Work item — Nothing but the lines from the one with "blk = doc.blocks.new('RPAD')" down to the one with "layer by layer" should be returned, exactly and with both ends included, from the material below.

Supplied material —
....

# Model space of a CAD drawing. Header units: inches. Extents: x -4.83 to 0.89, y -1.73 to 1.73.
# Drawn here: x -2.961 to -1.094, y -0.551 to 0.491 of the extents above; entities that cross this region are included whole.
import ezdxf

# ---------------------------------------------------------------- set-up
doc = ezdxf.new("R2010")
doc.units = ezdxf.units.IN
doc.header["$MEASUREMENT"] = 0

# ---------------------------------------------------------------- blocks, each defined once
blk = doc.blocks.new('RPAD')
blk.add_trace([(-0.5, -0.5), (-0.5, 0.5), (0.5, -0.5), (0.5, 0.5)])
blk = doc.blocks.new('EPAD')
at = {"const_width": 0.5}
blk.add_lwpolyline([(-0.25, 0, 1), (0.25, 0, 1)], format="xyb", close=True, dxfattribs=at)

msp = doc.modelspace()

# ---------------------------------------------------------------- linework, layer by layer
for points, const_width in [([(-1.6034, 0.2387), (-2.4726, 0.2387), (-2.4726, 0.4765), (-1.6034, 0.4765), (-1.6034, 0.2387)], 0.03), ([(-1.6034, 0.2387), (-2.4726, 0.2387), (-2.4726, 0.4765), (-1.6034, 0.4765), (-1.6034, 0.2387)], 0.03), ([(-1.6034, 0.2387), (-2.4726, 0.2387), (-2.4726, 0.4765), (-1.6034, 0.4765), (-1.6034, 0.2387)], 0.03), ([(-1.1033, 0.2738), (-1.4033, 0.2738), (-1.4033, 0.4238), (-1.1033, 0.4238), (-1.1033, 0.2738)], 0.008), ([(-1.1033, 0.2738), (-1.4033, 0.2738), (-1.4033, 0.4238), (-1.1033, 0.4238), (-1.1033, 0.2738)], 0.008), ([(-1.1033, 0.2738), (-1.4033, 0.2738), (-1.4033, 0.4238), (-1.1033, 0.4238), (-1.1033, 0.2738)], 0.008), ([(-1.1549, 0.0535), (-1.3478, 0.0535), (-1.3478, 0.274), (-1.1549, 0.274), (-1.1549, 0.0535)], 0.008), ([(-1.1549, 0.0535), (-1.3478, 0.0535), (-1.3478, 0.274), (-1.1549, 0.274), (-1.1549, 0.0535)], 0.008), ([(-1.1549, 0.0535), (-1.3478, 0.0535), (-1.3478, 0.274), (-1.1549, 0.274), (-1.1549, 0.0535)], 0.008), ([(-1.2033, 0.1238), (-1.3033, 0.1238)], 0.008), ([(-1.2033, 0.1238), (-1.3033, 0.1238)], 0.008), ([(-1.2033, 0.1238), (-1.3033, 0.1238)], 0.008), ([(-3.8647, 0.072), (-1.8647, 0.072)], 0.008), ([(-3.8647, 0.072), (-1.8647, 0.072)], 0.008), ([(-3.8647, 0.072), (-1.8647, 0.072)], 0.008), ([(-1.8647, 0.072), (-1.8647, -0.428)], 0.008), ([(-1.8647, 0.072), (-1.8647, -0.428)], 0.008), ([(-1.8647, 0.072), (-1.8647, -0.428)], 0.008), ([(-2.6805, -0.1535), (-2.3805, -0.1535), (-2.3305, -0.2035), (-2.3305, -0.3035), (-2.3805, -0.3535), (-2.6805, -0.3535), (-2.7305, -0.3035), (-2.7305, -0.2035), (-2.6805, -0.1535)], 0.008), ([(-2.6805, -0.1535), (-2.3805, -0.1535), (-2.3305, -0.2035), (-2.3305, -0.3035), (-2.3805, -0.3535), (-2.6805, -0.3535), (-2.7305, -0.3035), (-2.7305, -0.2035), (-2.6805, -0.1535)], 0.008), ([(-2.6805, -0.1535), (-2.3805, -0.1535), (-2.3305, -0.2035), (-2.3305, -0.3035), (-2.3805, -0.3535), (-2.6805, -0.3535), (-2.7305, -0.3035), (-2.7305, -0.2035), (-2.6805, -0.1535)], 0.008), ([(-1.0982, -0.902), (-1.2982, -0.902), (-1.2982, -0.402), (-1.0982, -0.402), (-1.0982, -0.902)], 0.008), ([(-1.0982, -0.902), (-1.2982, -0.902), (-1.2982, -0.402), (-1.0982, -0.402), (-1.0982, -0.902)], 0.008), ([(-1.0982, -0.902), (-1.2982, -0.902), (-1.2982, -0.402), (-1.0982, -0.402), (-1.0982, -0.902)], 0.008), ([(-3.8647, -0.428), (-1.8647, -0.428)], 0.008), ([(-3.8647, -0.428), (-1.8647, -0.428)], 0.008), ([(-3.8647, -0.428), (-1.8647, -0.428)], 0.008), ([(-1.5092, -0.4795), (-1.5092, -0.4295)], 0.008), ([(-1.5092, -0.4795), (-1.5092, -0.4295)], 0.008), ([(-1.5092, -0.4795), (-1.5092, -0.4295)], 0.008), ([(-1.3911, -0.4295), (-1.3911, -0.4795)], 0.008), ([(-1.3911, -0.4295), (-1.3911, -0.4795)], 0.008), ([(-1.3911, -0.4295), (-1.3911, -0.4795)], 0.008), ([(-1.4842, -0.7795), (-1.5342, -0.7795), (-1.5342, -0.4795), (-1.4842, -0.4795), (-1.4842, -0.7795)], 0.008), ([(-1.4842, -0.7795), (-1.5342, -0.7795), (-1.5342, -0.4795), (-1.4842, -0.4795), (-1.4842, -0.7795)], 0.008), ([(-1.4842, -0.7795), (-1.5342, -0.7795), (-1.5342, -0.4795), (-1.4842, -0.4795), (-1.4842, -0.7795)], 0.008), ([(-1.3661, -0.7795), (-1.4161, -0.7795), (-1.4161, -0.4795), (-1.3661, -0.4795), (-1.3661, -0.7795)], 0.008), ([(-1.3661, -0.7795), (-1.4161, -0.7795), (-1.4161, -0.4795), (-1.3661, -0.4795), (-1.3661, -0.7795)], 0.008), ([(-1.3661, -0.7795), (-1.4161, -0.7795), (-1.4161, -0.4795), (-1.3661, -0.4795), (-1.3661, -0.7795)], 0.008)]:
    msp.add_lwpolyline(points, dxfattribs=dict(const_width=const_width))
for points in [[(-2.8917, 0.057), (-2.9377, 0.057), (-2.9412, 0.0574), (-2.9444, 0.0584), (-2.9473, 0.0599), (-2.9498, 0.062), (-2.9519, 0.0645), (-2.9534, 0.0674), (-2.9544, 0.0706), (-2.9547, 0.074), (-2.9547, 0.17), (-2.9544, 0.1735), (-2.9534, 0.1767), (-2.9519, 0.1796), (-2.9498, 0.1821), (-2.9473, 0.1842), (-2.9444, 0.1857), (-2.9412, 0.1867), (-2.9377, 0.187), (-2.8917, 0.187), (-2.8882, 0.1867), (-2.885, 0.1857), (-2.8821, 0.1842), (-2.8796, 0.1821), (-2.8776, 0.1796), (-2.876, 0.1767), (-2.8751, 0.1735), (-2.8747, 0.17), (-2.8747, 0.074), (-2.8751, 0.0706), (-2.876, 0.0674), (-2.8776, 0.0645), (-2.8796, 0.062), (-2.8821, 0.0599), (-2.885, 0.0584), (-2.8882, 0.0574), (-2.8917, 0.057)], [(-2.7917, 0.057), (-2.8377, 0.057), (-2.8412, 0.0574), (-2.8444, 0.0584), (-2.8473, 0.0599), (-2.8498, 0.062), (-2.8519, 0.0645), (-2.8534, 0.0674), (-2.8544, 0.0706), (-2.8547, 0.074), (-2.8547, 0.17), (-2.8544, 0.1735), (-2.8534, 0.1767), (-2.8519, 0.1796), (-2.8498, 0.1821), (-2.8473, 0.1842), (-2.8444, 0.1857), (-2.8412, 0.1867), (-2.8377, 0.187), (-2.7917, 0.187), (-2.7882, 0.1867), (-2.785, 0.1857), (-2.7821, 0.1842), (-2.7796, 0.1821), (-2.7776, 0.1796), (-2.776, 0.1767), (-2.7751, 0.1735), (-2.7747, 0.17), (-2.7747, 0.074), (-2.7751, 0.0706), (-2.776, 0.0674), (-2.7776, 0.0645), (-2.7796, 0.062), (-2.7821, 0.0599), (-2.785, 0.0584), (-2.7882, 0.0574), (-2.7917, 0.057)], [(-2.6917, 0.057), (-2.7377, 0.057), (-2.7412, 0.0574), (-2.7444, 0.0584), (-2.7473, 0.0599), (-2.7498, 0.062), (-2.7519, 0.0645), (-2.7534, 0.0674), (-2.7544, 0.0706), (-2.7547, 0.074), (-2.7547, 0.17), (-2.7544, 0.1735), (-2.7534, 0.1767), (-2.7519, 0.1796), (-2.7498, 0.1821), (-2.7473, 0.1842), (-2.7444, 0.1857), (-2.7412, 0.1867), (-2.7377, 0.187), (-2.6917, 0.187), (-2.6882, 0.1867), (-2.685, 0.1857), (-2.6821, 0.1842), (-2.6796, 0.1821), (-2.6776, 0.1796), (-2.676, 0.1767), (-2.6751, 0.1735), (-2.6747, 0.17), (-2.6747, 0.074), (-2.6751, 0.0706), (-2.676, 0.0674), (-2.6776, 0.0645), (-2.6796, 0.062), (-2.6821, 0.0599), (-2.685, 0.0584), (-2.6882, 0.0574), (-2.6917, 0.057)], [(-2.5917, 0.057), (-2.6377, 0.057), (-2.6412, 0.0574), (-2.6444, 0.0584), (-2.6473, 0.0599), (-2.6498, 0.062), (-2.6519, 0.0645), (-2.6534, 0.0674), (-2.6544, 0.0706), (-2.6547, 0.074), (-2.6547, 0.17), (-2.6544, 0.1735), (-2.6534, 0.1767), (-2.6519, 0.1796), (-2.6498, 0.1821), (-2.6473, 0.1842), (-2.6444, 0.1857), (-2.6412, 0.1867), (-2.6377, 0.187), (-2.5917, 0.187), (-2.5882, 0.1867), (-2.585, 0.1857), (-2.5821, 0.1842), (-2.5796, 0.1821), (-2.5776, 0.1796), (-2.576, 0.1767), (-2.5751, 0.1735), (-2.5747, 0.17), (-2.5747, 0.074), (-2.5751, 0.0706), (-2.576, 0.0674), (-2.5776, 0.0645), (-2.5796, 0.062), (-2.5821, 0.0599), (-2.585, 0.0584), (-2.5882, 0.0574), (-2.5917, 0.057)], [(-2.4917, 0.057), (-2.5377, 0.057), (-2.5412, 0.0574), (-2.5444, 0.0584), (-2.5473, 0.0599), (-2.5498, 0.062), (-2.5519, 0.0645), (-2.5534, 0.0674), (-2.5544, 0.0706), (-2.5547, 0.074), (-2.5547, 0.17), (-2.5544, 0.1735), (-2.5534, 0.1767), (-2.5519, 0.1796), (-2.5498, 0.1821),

....

Answer for this exercise —
blk = doc.blocks.new('RPAD')
blk.add_trace([(-0.5, -0.5), (-0.5, 0.5), (0.5, -0.5), (0.5, 0.5)])
blk = doc.blocks.new('EPAD')
at = {"const_width": 0.5}
blk.add_lwpolyline([(-0.25, 0, 1), (0.25, 0, 1)], format="xyb", close=True, dxfattribs=at)

msp = doc.modelspace()

# ---------------------------------------------------------------- linework, layer by layer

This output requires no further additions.